“Yes, indeed, it helps. All combination of force adds by the sum of its participation to the original amount of force combined.”
Taken in conjunction with other, similar assertions in this connection—“Its force is freed and multiplied by the sum of your participation”; “For every vibration of pure constructive purpose among the Allied forces, we have added two”; “Force united is more powerful by half than similar forces separately striving”; etc.—it seems probable that these expressions were intended as figures of speech, emphasizing the increased potency of united purpose on our plane and the ability of the free forces to reinforce it in proportion to its actual vitality, rather than as mathematical statements of the exact degree to which this reinforcement and co-operation may be carried.
Mentioning that sometimes they seemed to make a distinction between purpose and force, and again to use the terms interchangeably, Mr. Kendal said he would like to know the character of each. “Is purpose like the direction of an electric current, and force like amperage and voltage?” he asked. “Or is purpose the road, and force the velocity in following it? Is purpose qualitative, and force quantitative? Is the distinction between them along some of these lines?”
“It is along all those lines,” was the reply. “Purpose is the force that draws. Force is the purpose that pushes.”

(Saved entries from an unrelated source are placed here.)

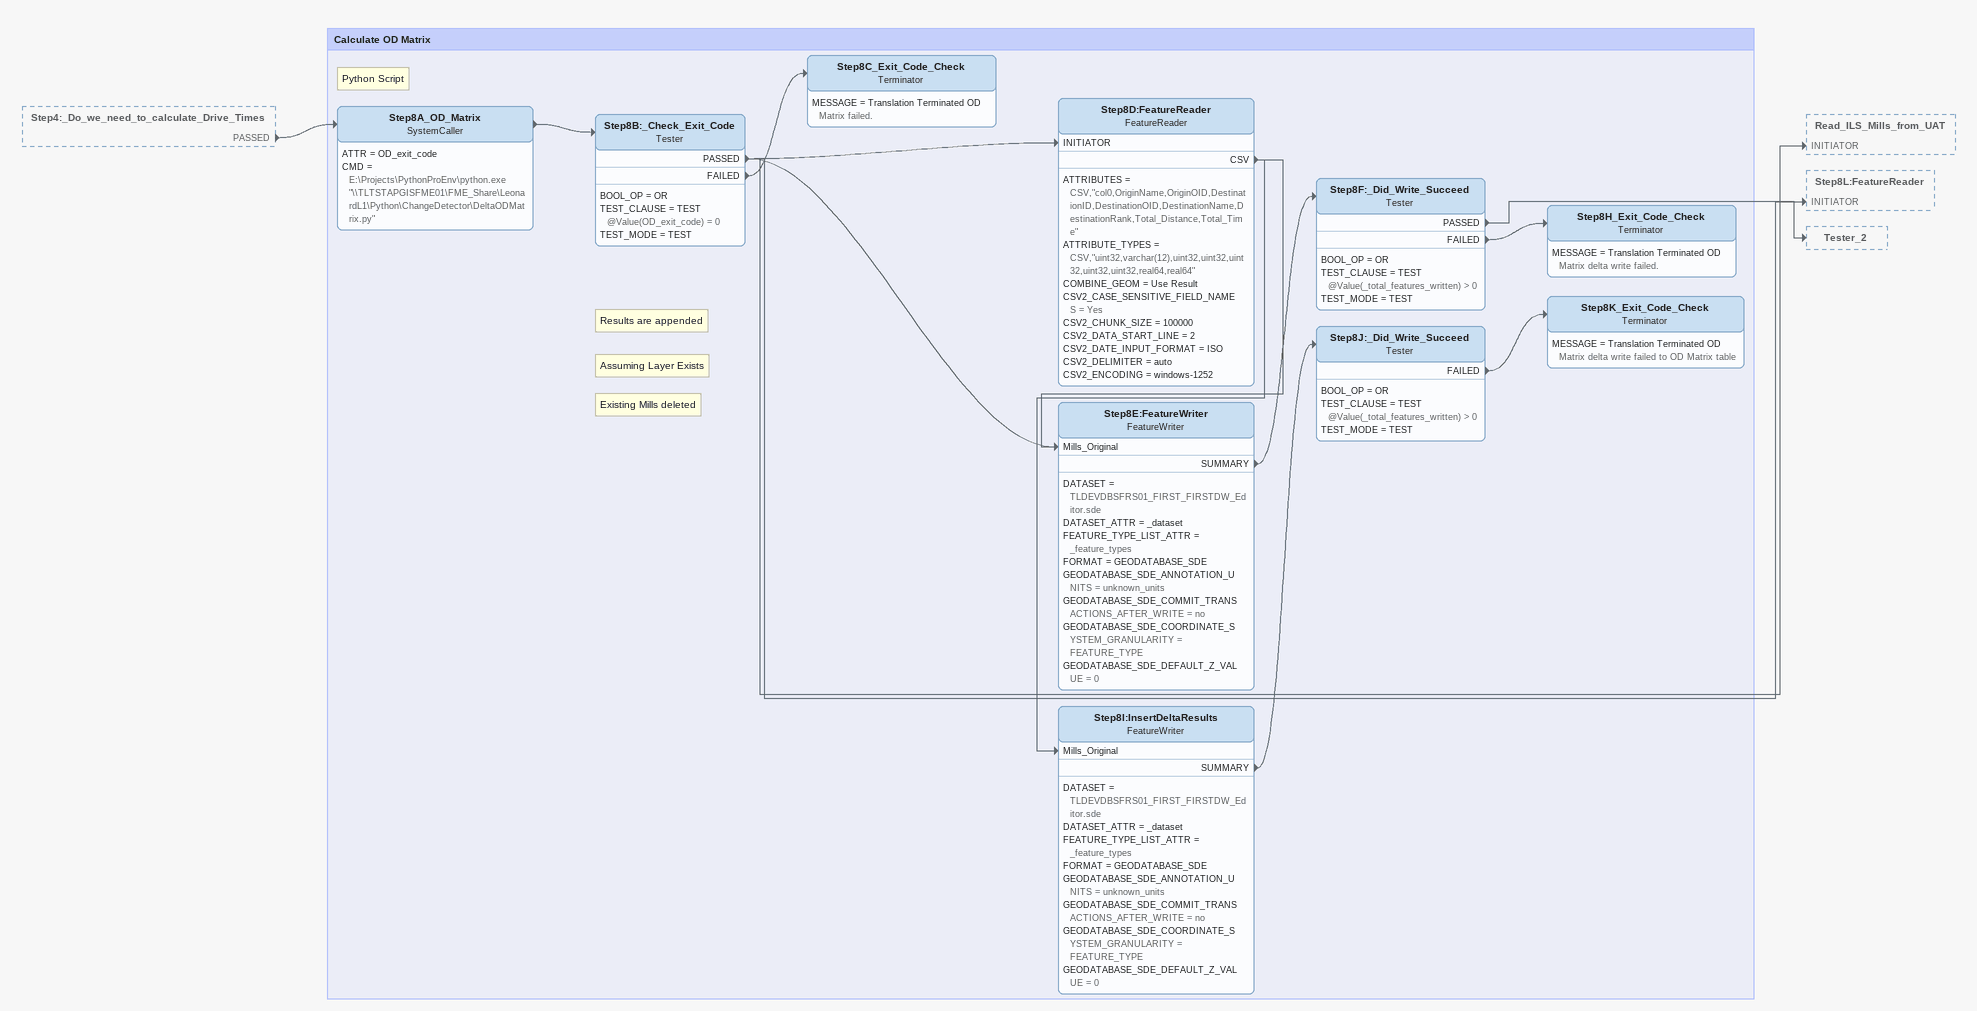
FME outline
Step4:_Do_we_need_to_calculate_Drive_Times [outside]
    PASSED -> Step8A_OD_Matrix

Bookmark: Calculate OD Matrix
Note: Python Script
Step8A_OD_Matrix: SystemCaller
    ATTR = OD_exit_code
    CMD = E:\Projects\PythonProEnv\python.exe "\\TLTSTAPGISFME01\FME_Share\LeonardL1\Python\ChangeDetector\DeltaODMatrix.py"
    -> Step8B:_Check_Exit_Code
Step8B:_Check_Exit_Code: Tester
    BOOL_OP = OR
    TEST_CLAUSE = TEST @Value(OD_exit_code) = 0
    TEST_MODE = TEST
    PASSED -> Step8E:FeatureWriter [Mills_Original]
    PASSED -> Read_ILS_Mills_from_UAT [INITIATOR]
    PASSED -> Step8L:FeatureReader [INITIATOR]
    PASSED -> Step8D:FeatureReader [INITIATOR]
    FAILED -> Step8C_Exit_Code_Check
Step8C_Exit_Code_Check: Terminator
    MESSAGE = Translation Terminated OD Matrix failed.
Step8D:FeatureReader: FeatureReader
    ATTRIBUTES = CSV,"col0,OriginName,OriginOID,DestinationID,DestinationOID,DestinationName,DestinationRank,Total_Distance,Total_Time"
    ATTRIBUTE_TYPES = CSV,"uint32,varchar(12),uint32,uint32,uint32,uint32,uint32,real64,real64"
    COMBINE_GEOM = Use Result
    CSV2_CASE_SENSITIVE_FIELD_NAMES = Yes
    CSV2_CHUNK_SIZE = 100000
    CSV2_DATA_START_LINE = 2
    CSV2_DATE_INPUT_FORMAT = ISO
    CSV2_DELIMITER = auto
    CSV2_ENCODING = windows-1252
    CSV -> Step8E:FeatureWriter [Mills_Original]
    CSV -> Step8I:InsertDeltaResults [Mills_Original]
Step8E:FeatureWriter: FeatureWriter
    DATASET = TLDEVDBSFRS01_FIRST_FIRSTDW_Editor.sde
    DATASET_ATTR = _dataset
    FEATURE_TYPE_LIST_ATTR = _feature_types
    FORMAT = GEODATABASE_SDE
    GEODATABASE_SDE_ANNOTATION_UNITS = unknown_units
    GEODATABASE_SDE_COMMIT_TRANSACTIONS_AFTER_WRITE = no
    GEODATABASE_SDE_COORDINATE_SYSTEM_GRANULARITY = FEATURE_TYPE
    GEODATABASE_SDE_DEFAULT_Z_VALUE = 0
    SUMMARY -> Step8F:_Did_Write_Succeed
Step8F:_Did_Write_Succeed: Tester
    BOOL_OP = OR
    TEST_CLAUSE = TEST @Value(_total_features_written) > 0
    TEST_MODE = TEST
    PASSED -> Tester_2
    FAILED -> Step8H_Exit_Code_Check
Step8H_Exit_Code_Check: Terminator
    MESSAGE = Translation Terminated OD Matrix delta write failed.
Note: Results are appended
Note: Assuming Layer Exists
Note: Existing Mills deleted
Step8I:InsertDeltaResults: FeatureWriter
    DATASET = TLDEVDBSFRS01_FIRST_FIRSTDW_Editor.sde
    DATASET_ATTR = _dataset
    FEATURE_TYPE_LIST_ATTR = _feature_types
    FORMAT = GEODATABASE_SDE
    GEODATABASE_SDE_ANNOTATION_UNITS = unknown_units
    GEODATABASE_SDE_COMMIT_TRANSACTIONS_AFTER_WRITE = no
    GEODATABASE_SDE_COORDINATE_SYSTEM_GRANULARITY = FEATURE_TYPE
    GEODATABASE_SDE_DEFAULT_Z_VALUE = 0
    SUMMARY -> Step8J:_Did_Write_Succeed
Step8J:_Did_Write_Succeed: Tester
    BOOL_OP = OR
    TEST_CLAUSE = TEST @Value(_total_features_written) > 0
    TEST_MODE = TEST
    FAILED -> Step8K_Exit_Code_Check
Step8K_Exit_Code_Check: Terminator
    MESSAGE = Translation Terminated OD Matrix delta write failed to OD Matrix table

Like various others to whom these messages first came through me, Mr. Kendal had been trying, with some success, to obtain direct communication. Mary facetiously described his pencil as “a good burro,” and mine as “a real hawse.” I had thought this dialecticism differently spelled, but he reminded me that “hoss” belonged to New England, and “hawse” to Mary’s native state, Kentucky.
While the pencil-point rested idly on the paper, we talked about the sensations accompanying its movement, and about the probable direction of the force propelling it. To him, the impulse seemed to come first and chiefly through the consciousness; to me, it seemed a physical force externally applied to the pencil, notwithstanding occasional consciousness of what the message would be; but we were agreed that it was difficult, at first, to be sure that the impulse was not in some unrecognized way our own.
“It has been amusing to us to see you two struggle against our psychical intrusions,” Mary remarked, at this point. “We do push the pencil. We also reach the mind. Sometimes the one, sometimes the other, is what does the trick. It is easier for us to impress the mind, but harder for you to recognize that suggestion as ours. You think it’s your own, and fight. Margaret is even more resistant than Manzie—perhaps because she has more responsibility to other people.”
“Are present conditions—the gathering of the clans for the coming struggle—going to enable many people to do this, who have never done it before and otherwise would have been unable to do it?” he asked.
“Yes; but the danger of that is that the other forces will find their own channels, and steal and defile some of ours. So we can’t advise people to experiment, unless they can absolutely identify the force here, and only a few, comparatively, can do that.”
He said that he had hesitated to ask questions of his own pencil, being unwilling to go too far in this until he had checked it up through me.